Smart Factories and IoT: Romeo is also a great fit for smart factory systems and Industrial Internet of Things (IIoT) applications, where robots and machines communicate with each other in real time. Romeo enables these machines to process data, optimize workflows, and react to changing conditions in the production environment, creating a more efficient and autonomous industrial ecosystem.
Romeo stands out by offering safe (so called sandboxed) execution of real-time multitasking user or system programs in a fully dynamic way that enables the use of modern IT solutions in the OT world. Romeo also provides hardware abstraction and ease of development. By utilizing Romeo, roboticists can focus more on algorithm development and less on the intricate details of hardware control.
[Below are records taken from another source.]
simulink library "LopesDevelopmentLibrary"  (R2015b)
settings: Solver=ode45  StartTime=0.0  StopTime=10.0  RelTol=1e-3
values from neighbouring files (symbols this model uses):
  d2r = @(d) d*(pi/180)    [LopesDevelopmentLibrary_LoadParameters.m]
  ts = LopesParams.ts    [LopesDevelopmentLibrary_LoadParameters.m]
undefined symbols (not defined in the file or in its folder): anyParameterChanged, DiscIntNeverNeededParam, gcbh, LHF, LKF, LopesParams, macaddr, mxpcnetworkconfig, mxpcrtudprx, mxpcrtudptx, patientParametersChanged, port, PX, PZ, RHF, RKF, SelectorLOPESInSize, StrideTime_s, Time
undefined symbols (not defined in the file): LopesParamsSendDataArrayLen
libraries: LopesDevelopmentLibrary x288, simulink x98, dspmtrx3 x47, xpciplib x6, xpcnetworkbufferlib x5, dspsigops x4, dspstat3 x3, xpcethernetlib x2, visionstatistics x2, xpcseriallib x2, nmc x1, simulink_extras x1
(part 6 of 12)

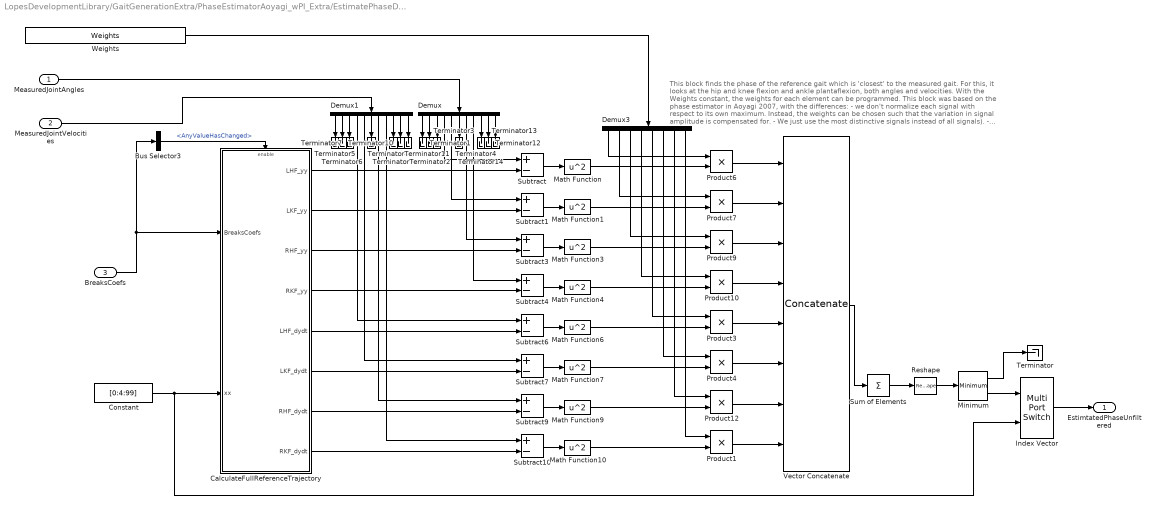
== system LopesDevelopmentLibrary/GaitGenerationExtra/PhaseEstimatorAoyagi_wPI_Extra/EstimatePhaseDirectlyAoyagi ==
  note: This block finds the phase of the reference gait which is 'closest' to the
      | measured gait. For this, it looks at the hip and knee flexion and ankle plantaflexion,
      | both angles and velocities. With the Weights constant, the weights for each element
      | can be programmed.
      | This block was based on the phase estimator in Aoyagi 2007, with the differences:
      | - we don't normalize each signal with respect to its own maximum. Instead, the weights
      | can be chosen such that the variation in signal amplitude is compensated for.
      | - We just use the most distinctive signals instead of all signals).
      | - The phase is expressed in percent  [0,100) instead of [0,1).
  MeasuredJointAngles : Inport
  MeasuredJointVelocities : Inport  Port=2
  BreaksCoefs : Inport  Port=3
  Bus Selector3 : BusSelector  OutputSignals=AnyValueHasChanged
  CalculateFullReferenceTrajectory : Subsystem
  Constant : Constant  Value=[0:4:99]
  Demux : Demux  Outputs=11
  Demux1 : Demux  Outputs=11
  Demux3 : Demux  Outputs=8
  Index Vector : MultiPortSwitch  Inputs=1
  Math Function{,1,3..4,6..7,9..10} (8 alike) : Math  Operator=square  SaturateOnIntegerOverflow=on
  Minimum : dspstat3/Minimum  fcn=Value and Index  reset=None  InputProcessing=Columns as channels (frame based)  indexBase=One  operateOver=Each column  Dimension=1  operation=minimum  roiEnable=off  roiType=Rectangles  roiPortion=Entire ROI  roiOutput=Individual statistics for each ROI  roiFlag=off  roundingMode=Floor  overflowMode=off
  Product{1,3..4,6..7,9..10,12} (8 alike) : Product  RndMeth=Zero
  Reshape : Reshape
  Subtract{,1,3..4,6..7,9..10} (8 alike) : Sum  Inputs=+-
  Sum of Elements : Sum  Inputs=+  CollapseMode=Specified dimension  CollapseDim=2
  Terminator{,1..14} (15 alike) : Terminator
  Vector Concatenate : Concatenate  NumInputs=8  Mode=Multidimensional array  ConcatenateDimension=2
  Weights : Constant  Value=Weights
  EstimtatedPhaseUnfiltered : Outport
  wires:
  Demux3/8 -> Product1/1
  Demux3/7 -> Product12/1
  Demux3/6 -> Product4/1
  Demux3/5 -> Product3/1
  Demux3/4 -> Product10/1
  Demux3/3 -> Product9/1
  Demux3/2 -> Product7/1
  Demux3/1 -> Product6/1
  Bus Selector3/1 -> CalculateFullReferenceTrajectory/Enable  "<AnyValueHasChanged>"
  CalculateFullReferenceTrajectory/8(RKF_dydt) -> Subtract10/2
  CalculateFullReferenceTrajectory/7(RHF_dydt) -> Subtract9/2
  CalculateFullReferenceTrajectory/6(LKF_dydt) -> Subtract7/2
  CalculateFullReferenceTrajectory/5(LHF_dydt) -> Subtract6/2
  CalculateFullReferenceTrajectory/4(RKF_yy) -> Subtract4/2
  CalculateFullReferenceTrajectory/3(RHF_yy) -> Subtract3/2
  CalculateFullReferenceTrajectory/2(LKF_yy) -> Subtract1/2
  CalculateFullReferenceTrajectory/1(LHF_yy) -> Subtract/2
  Reshape/1 -> Minimum/1
  Product1/1 -> Vector Concatenate/8
  Product12/1 -> Vector Concatenate/7
  Product3/1 -> Vector Concatenate/5
  Product4/1 -> Vector Concatenate/6
  Math Function10/1 -> Product1/2
  Math Function9/1 -> Product12/2
  Math Function7/1 -> Product4/2
  Math Function6/1 -> Product3/2
  Demux1/8 -> Subtract10/1
  Demux1/7 -> Subtract9/1
  Demux1/5 -> Subtract7/1
  Demux1/4 -> Subtract6/1
  Subtract10/1 -> Math Function10/1
  Subtract9/1 -> Math Function9/1
  Subtract7/1 -> Math Function7/1
  Subtract6/1 -> Math Function6/1
  MeasuredJointVelocities/1 -> Demux1/1
  Minimum/2 -> Index Vector/1
  Sum of Elements/1 -> Reshape/1
  Vector Concatenate/1 -> Sum of Elements/1
  Product10/1 -> Vector Concatenate/4
  Product9/1 -> Vector Concatenate/3
  Product6/1 -> Vector Concatenate/1
  Product7/1 -> Vector Concatenate/2
  Weights/1 -> Demux3/1
  Math Function4/1 -> Product10/2
  Math Function3/1 -> Product9/2
  Math Function1/1 -> Product7/2
  Math Function/1 -> Product6/2
  Subtract4/1 -> Math Function4/1
  Subtract3/1 -> Math Function3/1
  Subtract1/1 -> Math Function1/1
  Subtract/1 -> Math Function/1
  Demux/8 -> Subtract4/1
  Demux/7 -> Subtract3/1
  Index Vector/1 -> EstimtatedPhaseUnfiltered/1
  BreaksCoefs/1 -> CalculateFullReferenceTrajectory/1(BreaksCoefs), Bus Selector3/1
  MeasuredJointAngles/1 -> Demux/1
  Constant/1 -> CalculateFullReferenceTrajectory/2(xx), Index Vector/2
  Demux/4 -> Subtract/1
  Demux/5 -> Subtract1/1
  Minimum/1 -> Terminator/1
  Demux1/6 -> Terminator8/1
  Demux1/3 -> Terminator7/1
  Demux1/2 -> Terminator6/1
  Demux1/1 -> Terminator5/1
  Demux/1 -> Terminator1/1
  Demux/2 -> Terminator2/1
  Demux/3 -> Terminator3/1
  Demux/6 -> Terminator4/1
  Demux1/9 -> Terminator9/1
  Demux1/10 -> Terminator10/1
  Demux1/11 -> Terminator11/1
  Demux/11 -> Terminator13/1
  Demux/10 -> Terminator12/1
  Demux/9 -> Terminator14/1

== system LopesDevelopmentLibrary/GaitGenerationExtra/PhaseEstimatorAoyagi_wPI_Extra/PhaseFilterAoyagi ==
  note: This filter is based on the filter described in Aoyagi 2007.
      | It differs on the following points:
      | - Range [0,100) %, not [0,1) scale.
      | - Different implementation of wrap around integration (Aoyagi uses a resettable integrator; I use a mod 100)
      | - AoyagiFilterGain should be the same as in the paper (the error is 100 times larger than Aoyagi's, but so is
      |    the range of the integration). I found however that 2.5 for a gain [Aoyagi 2007] is quite low.
      | - In the figure in the paper no saturation is shown, but in the text they tell that there is saturation. I use it
      |    here too (so that phase cannot go backwards and cannot go rise too fast).
  note: "'PI-controller". Makes sure that the phase error will eventually
      | go to zero. Hopefully this will make the system better. However, the integral is
      | limited to -20..20 to prevent problems when a non-walking state is detected.
  EstimatedPhaseUnfiltered : Inport
  ReferenceStrideTime : Inport  Port=2
  ResetHighActive : Inport  Port=3
  x0 : Inport  Port=4
  FinalState : Inport  Port=5
  AoyagiFilterGain : Gain  Gain=AoyagiFilterGain
  CalculateStridesPerSec : Math  Operator=reciprocal  SaturateOnIntegerOverflow=on
  Compare To Constant : simulink/Logic and Bit Operations/Compare To Constant  relop=~=  const=1  OutDataTypeStr=boolean
  Divide : Product  Inputs=/*
  FinalStateFinisher : Subsystem
  Gain : Gain  Gain=3
  Gain1 : Gain  Gain=0.2
  IntegralTimeConstant : Constant  Value=AoyagiIntegralTimeConstant
  Integrator : Integrator  ExternalReset=level  InitialConditionSource=external
  Integrator1 : Integrator  ExternalReset=level  LimitOutput=on  UpperSaturationLimit=20  LowerSaturationLimit=-20
  PhaseWrapper : LopesDevelopmentLibrary/Various/PhaseWrapper
  Product : Product  OutDataTypeStr=double
  Saturation Dynamic : simulink/Discontinuities/Saturation Dynamic  OutMin=[]  OutMax=[]  OutDataTypeStr=Inherit: Same as second input  OutDataType=fixdt(1, 16)  OutScaling=2^-10  DoSatur=off
  Sum : Sum  Inputs=|+-
  Sum1 : Sum  Inputs=++|
  Sum2 : Sum  Inputs=++|
  ToPercentPerSec : Gain  Gain=100
  Wrap_Min50_Plus50 : Subsystem
  EstimatedPhase : Outport
  EstimatedPhaseRate : Outport  Port=2
  wires:
  ResetHighActive/1 -> Integrator1/2, Compare To Constant/1, Integrator/2
  Integrator/1 -> PhaseWrapper/1
  EstimatedPhaseUnfiltered/1 -> Sum/1
  Sum1/1 -> Saturation Dynamic/2
  AoyagiFilterGain/1 -> Sum1/2, Divide/2
  ToPercentPerSec/1 -> Sum2/2, Gain1/1, Gain/1
  PhaseWrapper/1 -> EstimatedPhase/1, Sum/2
  CalculateStridesPerSec/1 -> ToPercentPerSec/1
  Wrap_Min50_Plus50/1(Out) -> AoyagiFilterGain/1
  Sum/1 -> Wrap_Min50_Plus50/1(In)
  ReferenceStrideTime/1 -> CalculateStridesPerSec/1
  Gain1/1 -> Saturation Dynamic/3
  Gain/1 -> Saturation Dynamic/1
  IntegralTimeConstant/1 -> Divide/1
  Divide/1 -> Integrator1/1
  Integrator1/1 -> Sum2/1
  Sum2/1 -> Sum1/1
  x0/1 -> Integrator/3
  Saturation Dynamic/1 -> Product/1
  FinalState/1 -> FinalStateFinisher/2(FinalState)
  FinalStateFinisher/1(PhasePercRateOut) -> EstimatedPhaseRate/1, Integrator/1
  Compare To Constant/1 -> Product/2
  Product/1 -> FinalStateFinisher/1(PhasePercRate)

== system LopesDevelopmentLibrary/GaitGenerationExtra/VelocityHold/RateLimiterWithReset ==
  note: If EnableRateLimit is nonzero, the rate of u is limited.
      | If EnableRateLimit is zero, the value is set to resetValue instantly
      | Note, I used 1e100 instead of inf because inf is not suppported by TwinCAT.
  u : Inport
  ResetRateLimit : Inport  Port=2
  resetValue : Inport  Port=3
  FallingSlewRate : Constant  Value=FallingSlewRate
  FallingSlewRateDisabled : Constant  Value=-1e100
  Rate Limiter Dynamic : simulink/Discontinuities/Rate Limiter Dynamic
  RisingSlewRate : Constant  Value=RisingSlewRate
  RisingSlewRateDisabled : Constant  Value=1e100
  Switch : Switch  Criteria=u2 ~= 0
  Switch1 : Switch  Criteria=u2 ~= 0
  Switch2 : Switch  Criteria=u2 ~= 0
  y : Outport
  wires:
  FallingSlewRateDisabled/1 -> Switch1/1
  Switch/1 -> Rate Limiter Dynamic/1
  RisingSlewRate/1 -> Switch/3
  RisingSlewRateDisabled/1 -> Switch/1
  ResetRateLimit/1 -> Switch2/2, Switch1/2, Switch/2
  Rate Limiter Dynamic/1 -> y/1
  resetValue/1 -> Switch2/1
  Switch1/1 -> Rate Limiter Dynamic/3
  FallingSlewRate/1 -> Switch1/3
  u/1 -> Switch2/3
  Switch2/1 -> Rate Limiter Dynamic/2

== system LopesDevelopmentLibrary/GaitPhaseDetection/Gait Phase Detection with Wrapper/Data selection ==
  Cart_pos : Inport
  Treadmill : Inport  Port=2
  Angle_l : Subsystem
  Angle_r : Subsystem
  Selector : Selector  InputPortWidth=21  IndexOptions=Index vector (dialog)  Indices=[11]  OutputSizes=1
  Selector1 : Selector  InputPortWidth=21  IndexOptions=Index vector (dialog)  Indices=[20]  OutputSizes=1
  Selector10 : Selector  InputPortWidth=21  IndexOptions=Index vector (dialog)  Indices=[16 17 18]  OutputSizes=1
  Selector11 : Selector  InputPortWidth=21  IndexOptions=Index vector (dialog)  Indices=[13 14 15]  OutputSizes=1
  Selector2 : Selector  InputPortWidth=21  IndexOptions=Index vector (dialog)  Indices=[19]  OutputSizes=1
  Selector3 : Selector  InputPortWidth=21  IndexOptions=Index vector (dialog)  Indices=[10]  OutputSizes=1
  Selector4 : Selector  InputPortWidth=7  IndexOptions=Index vector (dialog)  Indices=[2]  OutputSizes=1
  Selector5 : Selector  InputPortWidth=21  IndexOptions=Index vector (dialog)  Indices=[10 11 12]  OutputSizes=1
  Selector6 : Selector  InputPortWidth=21  IndexOptions=Index vector (dialog)  Indices=[7 8 9]  OutputSizes=1
  Selector7 : Selector  InputPortWidth=21  IndexOptions=Index vector (dialog)  Indices=[4 5 6]  OutputSizes=1
  Selector9 : Selector  InputPortWidth=21  IndexOptions=Index vector (dialog)  Indices=[19 20 21]  OutputSizes=1
  ankle_y_l : Outport
  ankle_x_l : Outport  Port=2
  angle_knee_l : Outport  Port=3
  ankle_y_r : Outport  Port=4
  ankle_x_r : Outport  Port=5
  angle_knee_r : Outport  Port=6
  Treadmill speed : Outport  Port=7
  wires:
  Selector2/1 -> ankle_x_r/1
  Treadmill/1 -> Selector4/1
  Selector3/1 -> ankle_x_l/1
  Selector4/1 -> Treadmill speed/1
  Selector1/1 -> ankle_y_r/1
  Selector/1 -> ankle_y_l/1
  Cart_pos/1 -> Selector5/1, Selector10/1, Selector11/1, Selector9/1, Selector7/1, Selector6/1, Selector2/1, Selector1/1, Selector3/1, Selector/1
  Selector5/1 -> Angle_l/1(ankle)
  Selector6/1 -> Angle_l/2(knee)
  Selector7/1 -> Angle_l/3(hip)
  Selector10/1 -> Angle_r/2(knee)
  Selector9/1 -> Angle_r/1(ankle)
  Selector11/1 -> Angle_r/3(hip)
  Angle_l/1(angle_l) -> angle_knee_l/1
  Angle_r/1(angle_r) -> angle_knee_r/1

== system LopesDevelopmentLibrary/GaitPhaseDetection/Gait Phase Detection with Wrapper/LeftLegWalking ==
  note: Right foot detection
      | 1 = stance phase
      | 2 = swing phase
  ankle_y_r_dot : Inport
  ankle_x_r_dot : Inport  Port=2
  knee_angle_dot : Inport  Port=3
  belt_speed : Inport  Port=4
  Add2 : Sum  OutDataTypeStr=double
  Heel strike detection : Subsystem
  Heel strike_safety : Subsystem
  Logical Operator2 : Logic  Operator=OR  AllPortsSameDT=off  OutDataTypeStr=boolean
  Sample and Hold2 : dspsigops/Sample and Hold  trig=Rising edge  initCond=1  latchinput=off
  Toe-off detection : Subsystem
  Left : Outport  OutDataTypeStr=double
  wires:
  knee_angle_dot/1 -> Toe-off detection/2(knee_angle_dot)
  Heel strike_safety/1(Heel_strike_safety) -> Logical Operator2/2
  belt_speed/1 -> Heel strike_safety/2(belt_speed)
  Toe-off detection/1(Toe_off) -> Add2/2
  Heel strike detection/1(Heel_strike) -> Logical Operator2/1
  ankle_y_r_dot/1 -> Heel strike detection/1(ankle_y_dot)  "ankle_y_dot"
  ankle_x_r_dot/1 -> Toe-off detection/1(ankle_x_dot), Heel strike detection/2(ankle_x_dot), Heel strike_safety/1(ankle_x_dot)  "ankle_x_dot"
  Add2/1 -> Sample and Hold2/1, Sample and Hold2/Trigger
  Logical Operator2/1 -> Add2/1
  Sample and Hold2/1 -> Left/1

== system LopesDevelopmentLibrary/GaitPhaseDetection/Gait Phase Detection with Wrapper/No speed detection ==
  note: If the treadmill velocity is above 0.05 and 250 ms have passed
      | since the start of the simulation, gait initiation can be detected using the "normal" method
      | If Velocity of treadmill is too low, the COP is used to estimate swing/stance
  note: Detection
      | 1 = stance phase
      | 2 = swing phase
  note: If COP is 5x closer to foot 1 than foot 2, foot 2 is assumed to be in swing
  curVel : Inport
  CartesianPositions : Inport  Port=2
  Treadmill : Inport  Port=3
  "   " : MinMax
  "        " : simulink/Discrete/Tapped Delay  vinit=0  samptime=-1  NumDelays=250  DelayOrder=Oldest  includeCurrent=off
  Ankle_L_XZ : Selector  InputPortWidth=21  IndexOptions=Index vector (dialog)  Indices=[10 12]  OutputSizes=1
  Ankle_R_XZ : Selector  InputPortWidth=21  IndexOptions=Index vector (dialog)  Indices=[19 21]  OutputSizes=1
  COP_XZ : Selector  InputPortWidth=7  IndexOptions=Index vector (dialog)  Indices=[5 6]  OutputSizes=1
  Compare To Constant : simulink/Logic and Bit Operations/Compare To Constant  relop=<=  const=0.2  OutDataTypeStr=boolean
  Compare To Constant1 : simulink/Logic and Bit Operations/Compare To Constant  relop=>=  const=0.05  OutDataTypeStr=uint8  ZeroCross=off
  Compare To Constant2 : simulink/Logic and Bit Operations/Compare To Constant  relop=<=  const=0.2  OutDataTypeStr=boolean
  Constant : Constant  Value=2
  Constant1 : Constant
  Data Type Conversion : DataTypeConversion
  DistLeft : Fcn  Expr=((u(1) - u(3))^2 + (u(2) - u(4))^2)^0.5
  DistRight : Fcn  Expr=((u(1) - u(3))^2 + (u(2) - u(4))^2)^0.5
  Divide : Product  Inputs=*/
  Divide1 : Product  Inputs=*/
  LeftFoot : Switch  Criteria=u2 > Threshold
  Mux : Mux  Inputs=2
  Mux1 : Mux  Inputs=2
  RightFoot : Switch  Criteria=u2 > Threshold
  gaitSwitch : Outport
  Left : Outport  Port=2
  Right : Outport  Port=3
  wires:
  Compare To Constant1/1 -> Data Type Conversion/1
  curVel/1 -> "        "/1
  Data Type Conversion/1 -> gaitSwitch/1
  "        "/1 -> "   "/1
  "   "/1 -> Compare To Constant1/1
  CartesianPositions/1 -> Ankle_R_XZ/1, Ankle_L_XZ/1
  Treadmill/1 -> COP_XZ/1
  Mux/1 -> DistLeft/1
  Ankle_L_XZ/1 -> Mux/1
  COP_XZ/1 -> Mux1/2, Mux/2
  Ankle_R_XZ/1 -> Mux1/1
  Mux1/1 -> DistRight/1
  DistLeft/1 -> Divide1/2, Divide/1
  DistRight/1 -> Divide/2, Divide1/1
  Divide/1 -> Compare To Constant/1
  Divide1/1 -> Compare To Constant2/1
  Compare To Constant/1 -> RightFoot/2
  Compare To Constant2/1 -> LeftFoot/2
  Constant/1 -> LeftFoot/1, RightFoot/1
  Constant1/1 -> RightFoot/3, LeftFoot/3
  LeftFoot/1 -> Left/1
  RightFoot/1 -> Right/1

== system LopesDevelopmentLibrary/GaitPhaseDetection/Gait Phase Detection with Wrapper/Phase_selection ==
  LeftWalking : Inport
  RightWalking : Inport  Port=2
  Gait_switch : Inport  Port=3
  ankle_x_l : Inport  Port=4
  ankle_x_r : Inport  Port=5
  LeftStop : Inport  Port=6
  RightStop : Inport  Port=7
  Delay : Delay  DelayLength=1  InitialCondition=0
  MATLAB Function : MATLAB Function  TreatAsAtomicUnit=on
  Phase : Outport
  wires:
  MATLAB Function/1(y) -> Delay/1, Phase/1
  Delay/1 -> MATLAB Function/8(prev)
  LeftWalking/1 -> MATLAB Function/1(leftWalking)
  RightWalking/1 -> MATLAB Function/2(rightWalking)
  Gait_switch/1 -> MATLAB Function/5(switchSignal)
  ankle_x_l/1 -> MATLAB Function/6(left_x)
  ankle_x_r/1 -> MATLAB Function/7(right_x)
  LeftStop/1 -> MATLAB Function/3(leftStop)
  RightStop/1 -> MATLAB Function/4(rightStop)

== system LopesDevelopmentLibrary/GaitPhaseDetection/Gait Phase Detection with Wrapper/RightLegWalking ==
  note: Right foot detection
      | 1 = stance phase
      | 2 = swing phase
  ankle_y_r_dot : Inport
  ankle_x_r_dot : Inport  Port=2
  knee_angle_dot : Inport  Port=3
  belt_speed : Inport  Port=4
  Add2 : Sum  OutDataTypeStr=double
  Heel strike detection : Subsystem
  Heel strike_safety : Subsystem
  Logical Operator2 : Logic  Operator=OR  AllPortsSameDT=off  OutDataTypeStr=boolean
  Sample and Hold2 : dspsigops/Sample and Hold  trig=Rising edge  initCond=1  latchinput=off
  Toe-off detection : Subsystem
  right : Outport  OutDataTypeStr=double
  wires:
  Sample and Hold2/1 -> right/1
  Logical Operator2/1 -> Add2/1
  Add2/1 -> Sample and Hold2/Trigger, Sample and Hold2/1
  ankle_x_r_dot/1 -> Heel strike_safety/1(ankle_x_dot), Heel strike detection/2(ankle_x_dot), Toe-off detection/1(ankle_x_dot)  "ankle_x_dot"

Furthermore, Romeo’s seamless integration with existing middleware like ROS and its support for RTOS environments means that developers can build complex robotic systems more easily while maintaining deterministic performance.
Additionally, by combining real-time capabilities with support for machine learning models, Romeo pushes the boundaries of what autonomous systems can achieve. It opens the door to smarter, more adaptive robots that can learn from their environments while still adhering to the stringent constraints on time and safety as required in critical applications.
Romeo represents a significant step forward in the development of real-time robotics and automation systems. By providing a virtual machine specifically designed for the unique challenges of robotics, it offers developers a powerful and flexible tool for building high-performance, reliable systems. As robotics continues to play a crucial role in industries ranging from manufacturing to healthcare, Romeo will become an indispensable asset, enabling innovation and ensuring that robots can operate safely and efficiently in the real world. PLC-compatible software with cyclic execution will be supported as well.